[Opening Exercise inputs section]

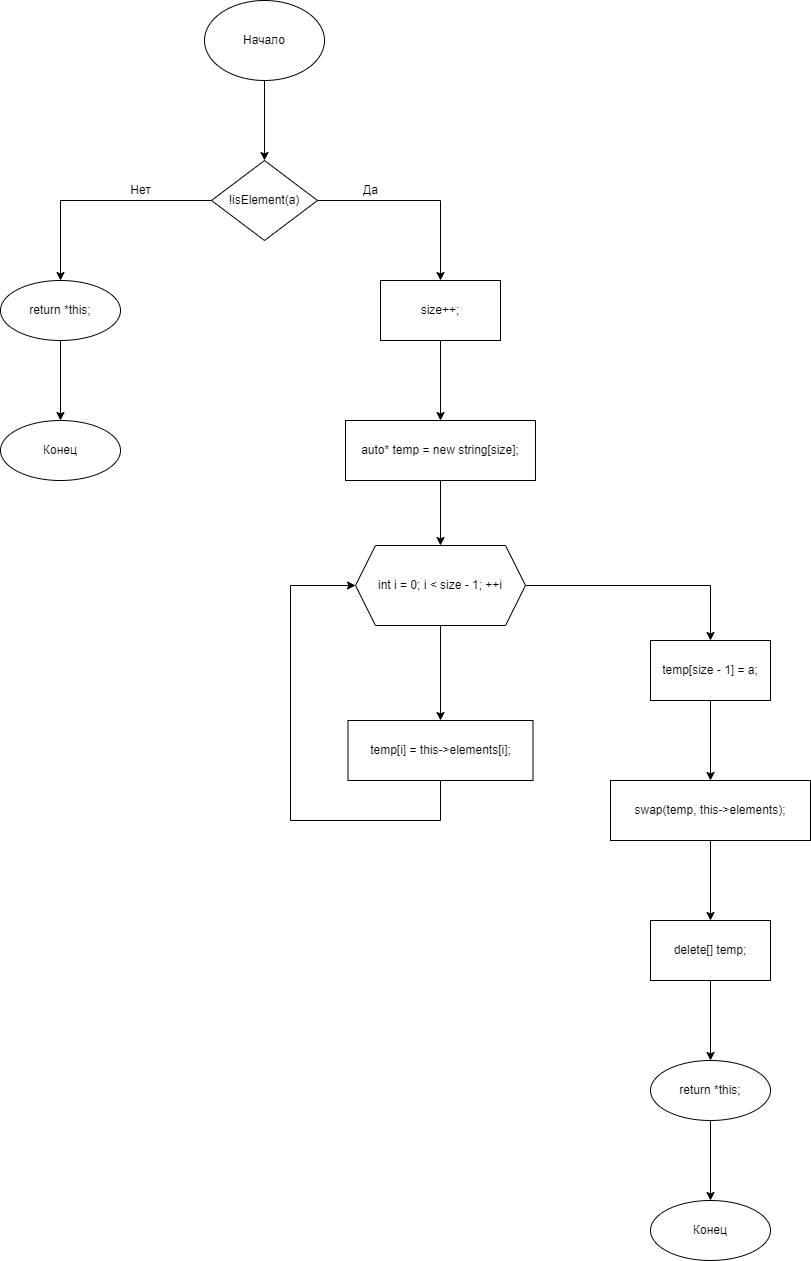

The diagram above was exported from draw.io. Its source (the exported page's mxGraphModel, read from the mxfile embedded in the PNG):
<mxGraphModel dx="1038" dy="649" grid="1" gridSize="10" guides="1" tooltips="1" connect="1" arrows="1" fold="1" page="1" pageScale="1" pageWidth="827" pageHeight="1169" math="0" shadow="0">
  <root>
    <mxCell id="0" />
    <mxCell id="1" parent="0" />
    <mxCell id="6JFDVIeBdxdqvi3AqvTF-4" value="" style="edgeStyle=orthogonalEdgeStyle;rounded=0;orthogonalLoop=1;jettySize=auto;html=1;" edge="1" parent="1" source="6JFDVIeBdxdqvi3AqvTF-2" target="6JFDVIeBdxdqvi3AqvTF-3">
      <mxGeometry relative="1" as="geometry" />
    </mxCell>
    <mxCell id="6JFDVIeBdxdqvi3AqvTF-2" value="Начало" style="ellipse;whiteSpace=wrap;html=1;" vertex="1" parent="1">
      <mxGeometry x="354" y="40" width="120" height="80" as="geometry" />
    </mxCell>
    <mxCell id="6JFDVIeBdxdqvi3AqvTF-6" value="" style="edgeStyle=orthogonalEdgeStyle;rounded=0;orthogonalLoop=1;jettySize=auto;html=1;" edge="1" parent="1" source="6JFDVIeBdxdqvi3AqvTF-3" target="6JFDVIeBdxdqvi3AqvTF-5">
      <mxGeometry relative="1" as="geometry" />
    </mxCell>
    <mxCell id="6JFDVIeBdxdqvi3AqvTF-10" value="" style="edgeStyle=orthogonalEdgeStyle;rounded=0;orthogonalLoop=1;jettySize=auto;html=1;" edge="1" parent="1" source="6JFDVIeBdxdqvi3AqvTF-3" target="6JFDVIeBdxdqvi3AqvTF-9">
      <mxGeometry relative="1" as="geometry" />
    </mxCell>
    <mxCell id="6JFDVIeBdxdqvi3AqvTF-3" value="!isElement(a)" style="rhombus;whiteSpace=wrap;html=1;" vertex="1" parent="1">
      <mxGeometry x="361" y="200" width="106" height="80" as="geometry" />
    </mxCell>
    <mxCell id="6JFDVIeBdxdqvi3AqvTF-8" value="" style="edgeStyle=orthogonalEdgeStyle;rounded=0;orthogonalLoop=1;jettySize=auto;html=1;" edge="1" parent="1" source="6JFDVIeBdxdqvi3AqvTF-5" target="6JFDVIeBdxdqvi3AqvTF-7">
      <mxGeometry relative="1" as="geometry" />
    </mxCell>
    <mxCell id="6JFDVIeBdxdqvi3AqvTF-5" value="return *this;" style="ellipse;whiteSpace=wrap;html=1;" vertex="1" parent="1">
      <mxGeometry x="150" y="320" width="120" height="60" as="geometry" />
    </mxCell>
    <mxCell id="6JFDVIeBdxdqvi3AqvTF-7" value="Конец" style="ellipse;whiteSpace=wrap;html=1;" vertex="1" parent="1">
      <mxGeometry x="150" y="460" width="120" height="60" as="geometry" />
    </mxCell>
    <mxCell id="6JFDVIeBdxdqvi3AqvTF-12" value="" style="edgeStyle=orthogonalEdgeStyle;rounded=0;orthogonalLoop=1;jettySize=auto;html=1;" edge="1" parent="1" source="6JFDVIeBdxdqvi3AqvTF-9" target="6JFDVIeBdxdqvi3AqvTF-11">
      <mxGeometry relative="1" as="geometry" />
    </mxCell>
    <mxCell id="6JFDVIeBdxdqvi3AqvTF-9" value="size++;" style="whiteSpace=wrap;html=1;" vertex="1" parent="1">
      <mxGeometry x="530" y="320" width="120" height="60" as="geometry" />
    </mxCell>
    <mxCell id="6JFDVIeBdxdqvi3AqvTF-14" value="" style="edgeStyle=orthogonalEdgeStyle;rounded=0;orthogonalLoop=1;jettySize=auto;html=1;" edge="1" parent="1" source="6JFDVIeBdxdqvi3AqvTF-11" target="6JFDVIeBdxdqvi3AqvTF-13">
      <mxGeometry relative="1" as="geometry" />
    </mxCell>
    <mxCell id="6JFDVIeBdxdqvi3AqvTF-11" value="auto* temp = new string[size];" style="whiteSpace=wrap;html=1;" vertex="1" parent="1">
      <mxGeometry x="495" y="460" width="190" height="60" as="geometry" />
    </mxCell>
    <mxCell id="6JFDVIeBdxdqvi3AqvTF-16" value="" style="edgeStyle=orthogonalEdgeStyle;rounded=0;orthogonalLoop=1;jettySize=auto;html=1;" edge="1" parent="1" source="6JFDVIeBdxdqvi3AqvTF-13" target="6JFDVIeBdxdqvi3AqvTF-15">
      <mxGeometry relative="1" as="geometry" />
    </mxCell>
    <mxCell id="6JFDVIeBdxdqvi3AqvTF-19" value="" style="edgeStyle=orthogonalEdgeStyle;rounded=0;orthogonalLoop=1;jettySize=auto;html=1;" edge="1" parent="1" source="6JFDVIeBdxdqvi3AqvTF-13" target="6JFDVIeBdxdqvi3AqvTF-18">
      <mxGeometry relative="1" as="geometry" />
    </mxCell>
    <mxCell id="6JFDVIeBdxdqvi3AqvTF-13" value="int i = 0; i &lt; size - 1; ++i" style="shape=hexagon;perimeter=hexagonPerimeter2;whiteSpace=wrap;html=1;fixedSize=1;" vertex="1" parent="1">
      <mxGeometry x="505" y="585" width="170" height="80" as="geometry" />
    </mxCell>
    <mxCell id="6JFDVIeBdxdqvi3AqvTF-17" style="edgeStyle=orthogonalEdgeStyle;rounded=0;orthogonalLoop=1;jettySize=auto;html=1;entryX=0;entryY=0.5;entryDx=0;entryDy=0;" edge="1" parent="1" source="6JFDVIeBdxdqvi3AqvTF-15" target="6JFDVIeBdxdqvi3AqvTF-13">
      <mxGeometry relative="1" as="geometry">
        <Array as="points">
          <mxPoint x="590" y="860" />
          <mxPoint x="440" y="860" />
          <mxPoint x="440" y="625" />
        </Array>
      </mxGeometry>
    </mxCell>
    <mxCell id="6JFDVIeBdxdqvi3AqvTF-15" value="temp[i] = this-&gt;elements[i];" style="whiteSpace=wrap;html=1;" vertex="1" parent="1">
      <mxGeometry x="497.5" y="760" width="185" height="60" as="geometry" />
    </mxCell>
    <mxCell id="6JFDVIeBdxdqvi3AqvTF-21" value="" style="edgeStyle=orthogonalEdgeStyle;rounded=0;orthogonalLoop=1;jettySize=auto;html=1;" edge="1" parent="1" source="6JFDVIeBdxdqvi3AqvTF-18" target="6JFDVIeBdxdqvi3AqvTF-20">
      <mxGeometry relative="1" as="geometry" />
    </mxCell>
    <mxCell id="6JFDVIeBdxdqvi3AqvTF-18" value="temp[size - 1] = a;" style="whiteSpace=wrap;html=1;" vertex="1" parent="1">
      <mxGeometry x="800" y="680" width="120" height="60" as="geometry" />
    </mxCell>
    <mxCell id="6JFDVIeBdxdqvi3AqvTF-23" value="" style="edgeStyle=orthogonalEdgeStyle;rounded=0;orthogonalLoop=1;jettySize=auto;html=1;" edge="1" parent="1" source="6JFDVIeBdxdqvi3AqvTF-20" target="6JFDVIeBdxdqvi3AqvTF-22">
      <mxGeometry relative="1" as="geometry" />
    </mxCell>
    <mxCell id="6JFDVIeBdxdqvi3AqvTF-20" value="swap(temp, this-&gt;elements);" style="whiteSpace=wrap;html=1;" vertex="1" parent="1">
      <mxGeometry x="760" y="820" width="200" height="60" as="geometry" />
    </mxCell>
    <mxCell id="6JFDVIeBdxdqvi3AqvTF-25" value="" style="edgeStyle=orthogonalEdgeStyle;rounded=0;orthogonalLoop=1;jettySize=auto;html=1;" edge="1" parent="1" source="6JFDVIeBdxdqvi3AqvTF-22" target="6JFDVIeBdxdqvi3AqvTF-24">
      <mxGeometry relative="1" as="geometry" />
    </mxCell>
    <mxCell id="6JFDVIeBdxdqvi3AqvTF-22" value="delete[] temp;" style="whiteSpace=wrap;html=1;" vertex="1" parent="1">
      <mxGeometry x="800" y="960" width="120" height="60" as="geometry" />
    </mxCell>
    <mxCell id="6JFDVIeBdxdqvi3AqvTF-27" value="" style="edgeStyle=orthogonalEdgeStyle;rounded=0;orthogonalLoop=1;jettySize=auto;html=1;" edge="1" parent="1" source="6JFDVIeBdxdqvi3AqvTF-24" target="6JFDVIeBdxdqvi3AqvTF-26">
      <mxGeometry relative="1" as="geometry" />
    </mxCell>
    <mxCell id="6JFDVIeBdxdqvi3AqvTF-24" value="return *this;" style="ellipse;whiteSpace=wrap;html=1;" vertex="1" parent="1">
      <mxGeometry x="800" y="1100" width="120" height="60" as="geometry" />
    </mxCell>
    <mxCell id="6JFDVIeBdxdqvi3AqvTF-26" value="Конец" style="ellipse;whiteSpace=wrap;html=1;" vertex="1" parent="1">
      <mxGeometry x="800" y="1240" width="120" height="60" as="geometry" />
    </mxCell>
    <mxCell id="6JFDVIeBdxdqvi3AqvTF-28" value="Да" style="text;html=1;align=center;verticalAlign=middle;resizable=0;points=[];autosize=1;strokeColor=none;fillColor=none;" vertex="1" parent="1">
      <mxGeometry x="505" y="220" width="30" height="20" as="geometry" />
    </mxCell>
    <mxCell id="6JFDVIeBdxdqvi3AqvTF-29" value="Нет" style="text;html=1;align=center;verticalAlign=middle;resizable=0;points=[];autosize=1;strokeColor=none;fillColor=none;" vertex="1" parent="1">
      <mxGeometry x="270" y="220" width="40" height="20" as="geometry" />
    </mxCell>
  </root>
</mxGraphModel>

[Closing Exercise inputs section]

=== Work task ===
What lines above contain the word "ellipse"? Please copy each one.

=== Answer box ===
    <mxCell id="6JFDVIeBdxdqvi3AqvTF-2" value="Начало" style="ellipse;whiteSpace=wrap;html=1;" vertex="1" parent="1">
    <mxCell id="6JFDVIeBdxdqvi3AqvTF-5" value="return *this;" style="ellipse;whiteSpace=wrap;html=1;" vertex="1" parent="1">
    <mxCell id="6JFDVIeBdxdqvi3AqvTF-7" value="Конец" style="ellipse;whiteSpace=wrap;html=1;" vertex="1" parent="1">
    <mxCell id="6JFDVIeBdxdqvi3AqvTF-24" value="return *this;" style="ellipse;whiteSpace=wrap;html=1;" vertex="1" parent="1">
    <mxCell id="6JFDVIeBdxdqvi3AqvTF-26" value="Конец" style="ellipse;whiteSpace=wrap;html=1;" vertex="1" parent="1">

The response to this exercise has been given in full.